- **WHAT THE TASK REQUIRES**:
Every line containing the word "schematic" is to be copied from the data below.

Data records
*** Block opens ***
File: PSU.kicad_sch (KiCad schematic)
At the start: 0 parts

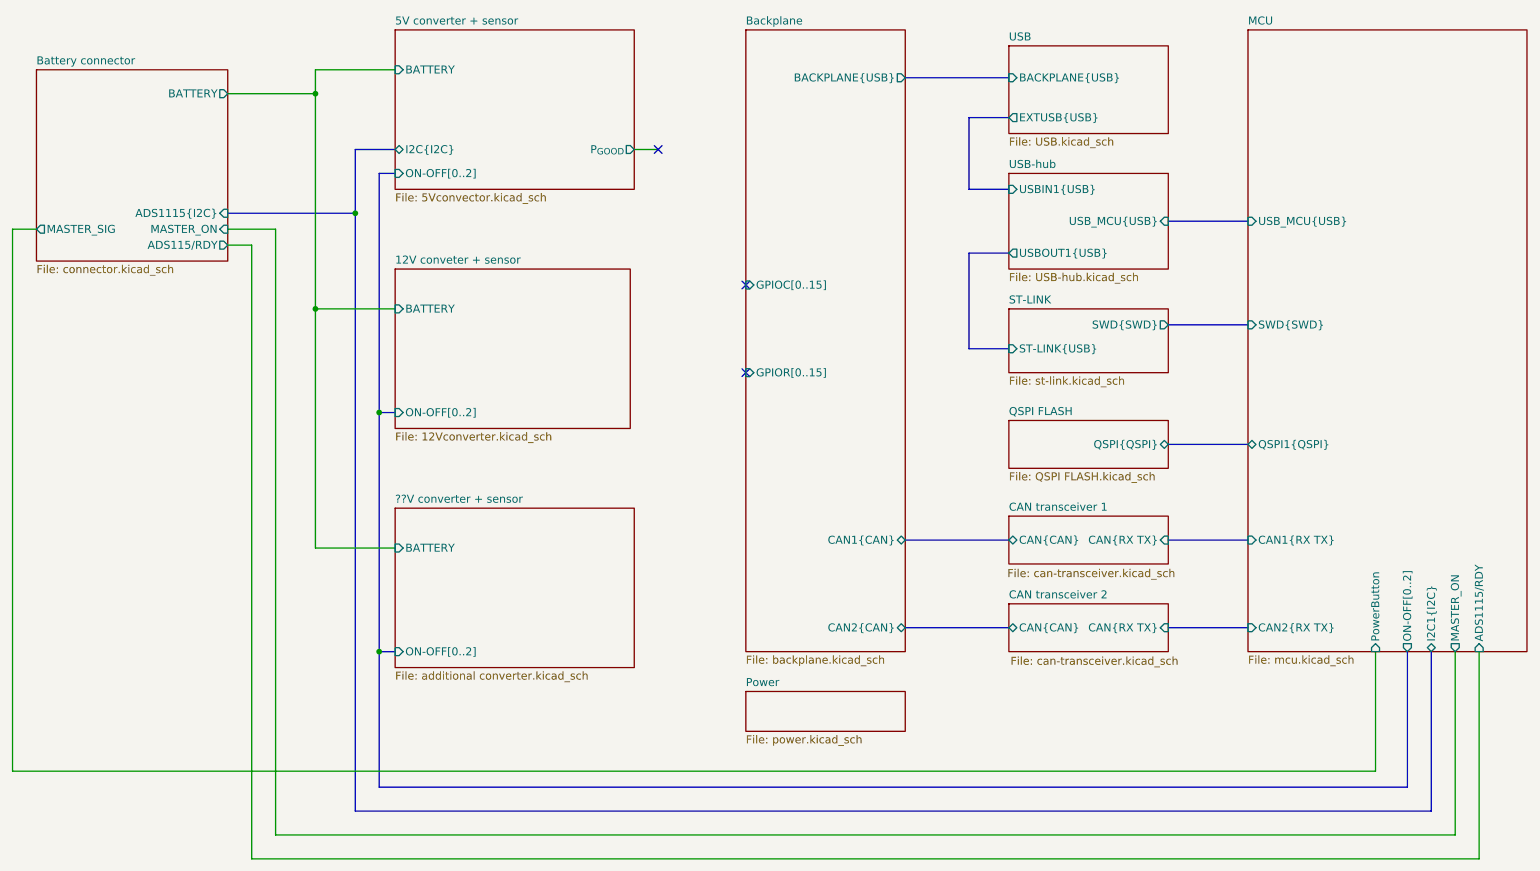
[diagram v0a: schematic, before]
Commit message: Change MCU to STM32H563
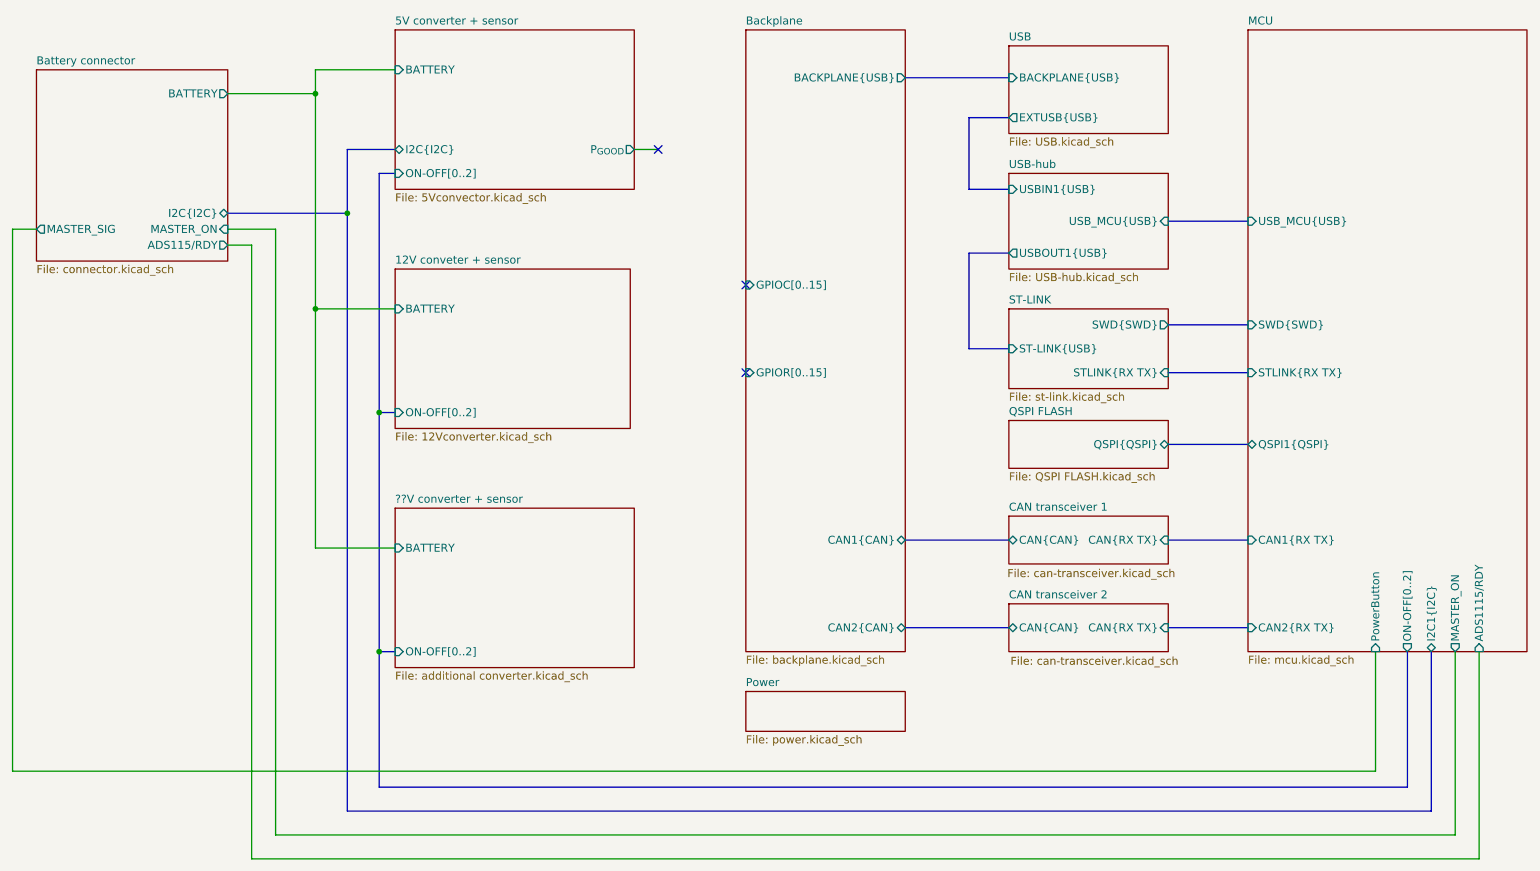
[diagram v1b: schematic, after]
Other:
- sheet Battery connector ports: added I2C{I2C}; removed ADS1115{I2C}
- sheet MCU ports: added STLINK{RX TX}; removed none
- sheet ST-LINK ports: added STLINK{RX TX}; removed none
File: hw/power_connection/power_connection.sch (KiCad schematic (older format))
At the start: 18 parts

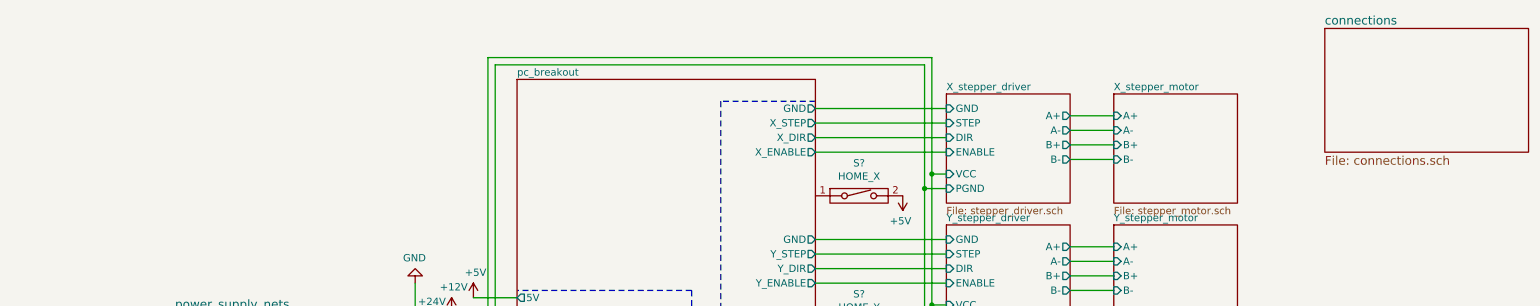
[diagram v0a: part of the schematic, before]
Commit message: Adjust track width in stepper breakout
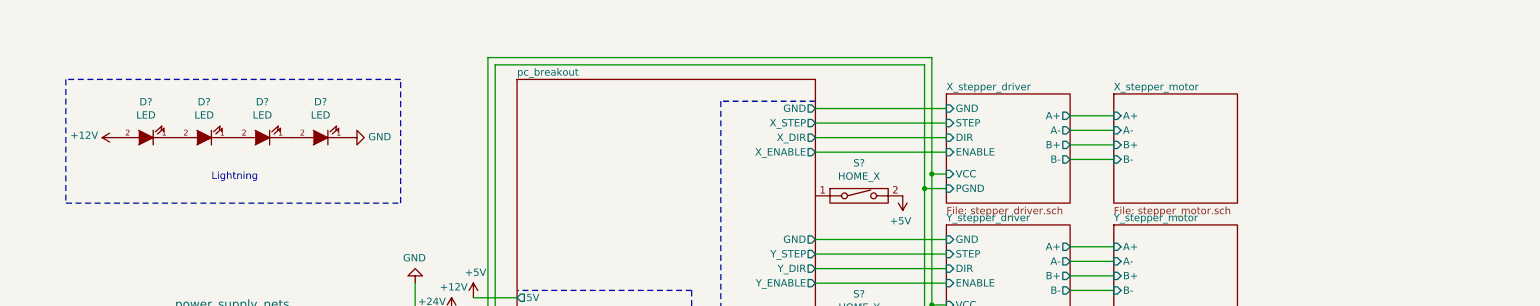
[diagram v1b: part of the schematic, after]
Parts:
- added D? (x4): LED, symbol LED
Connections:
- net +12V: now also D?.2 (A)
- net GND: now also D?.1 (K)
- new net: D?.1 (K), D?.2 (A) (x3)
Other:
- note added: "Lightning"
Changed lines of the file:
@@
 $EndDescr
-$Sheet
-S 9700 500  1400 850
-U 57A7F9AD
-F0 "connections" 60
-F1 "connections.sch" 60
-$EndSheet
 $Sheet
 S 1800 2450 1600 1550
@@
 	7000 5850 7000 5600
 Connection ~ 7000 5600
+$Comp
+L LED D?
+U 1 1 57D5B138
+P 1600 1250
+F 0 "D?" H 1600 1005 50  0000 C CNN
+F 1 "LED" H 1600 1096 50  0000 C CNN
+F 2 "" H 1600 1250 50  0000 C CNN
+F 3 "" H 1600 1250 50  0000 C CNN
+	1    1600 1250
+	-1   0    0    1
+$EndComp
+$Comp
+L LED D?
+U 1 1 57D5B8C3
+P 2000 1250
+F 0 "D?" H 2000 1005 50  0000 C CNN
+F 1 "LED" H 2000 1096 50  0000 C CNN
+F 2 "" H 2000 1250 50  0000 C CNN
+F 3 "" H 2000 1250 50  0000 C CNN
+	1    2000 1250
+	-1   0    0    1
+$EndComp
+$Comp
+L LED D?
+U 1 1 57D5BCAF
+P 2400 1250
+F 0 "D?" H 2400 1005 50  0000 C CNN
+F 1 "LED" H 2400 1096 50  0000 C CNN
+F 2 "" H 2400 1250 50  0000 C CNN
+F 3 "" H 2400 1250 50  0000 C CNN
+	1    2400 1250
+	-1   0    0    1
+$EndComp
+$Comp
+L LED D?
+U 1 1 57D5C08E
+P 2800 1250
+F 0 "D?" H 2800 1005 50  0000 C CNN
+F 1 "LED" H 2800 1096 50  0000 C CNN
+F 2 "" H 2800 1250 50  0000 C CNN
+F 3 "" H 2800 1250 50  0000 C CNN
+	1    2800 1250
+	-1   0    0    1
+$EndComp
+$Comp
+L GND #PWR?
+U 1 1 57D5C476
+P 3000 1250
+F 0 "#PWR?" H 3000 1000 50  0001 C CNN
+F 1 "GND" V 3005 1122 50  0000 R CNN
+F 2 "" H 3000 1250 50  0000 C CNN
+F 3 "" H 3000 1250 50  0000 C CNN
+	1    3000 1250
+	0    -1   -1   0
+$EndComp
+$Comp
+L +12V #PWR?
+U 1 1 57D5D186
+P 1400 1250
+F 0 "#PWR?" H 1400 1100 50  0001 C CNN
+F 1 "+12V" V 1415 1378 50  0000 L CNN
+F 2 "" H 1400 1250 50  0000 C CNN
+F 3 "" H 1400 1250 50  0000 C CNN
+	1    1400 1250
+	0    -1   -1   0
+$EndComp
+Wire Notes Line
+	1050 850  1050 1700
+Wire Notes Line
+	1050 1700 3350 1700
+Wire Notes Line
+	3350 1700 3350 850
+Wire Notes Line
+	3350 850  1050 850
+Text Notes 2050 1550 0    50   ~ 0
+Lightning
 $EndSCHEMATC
*** Block closes ***
- **REPLY**:
File: PSU.kicad_sch (KiCad schematic)
[diagram v0a: schematic, before]
[diagram v1b: schematic, after]
File: hw/power_connection/power_connection.sch (KiCad schematic (older format))
[diagram v0a: part of the schematic, before]
[diagram v1b: part of the schematic, after]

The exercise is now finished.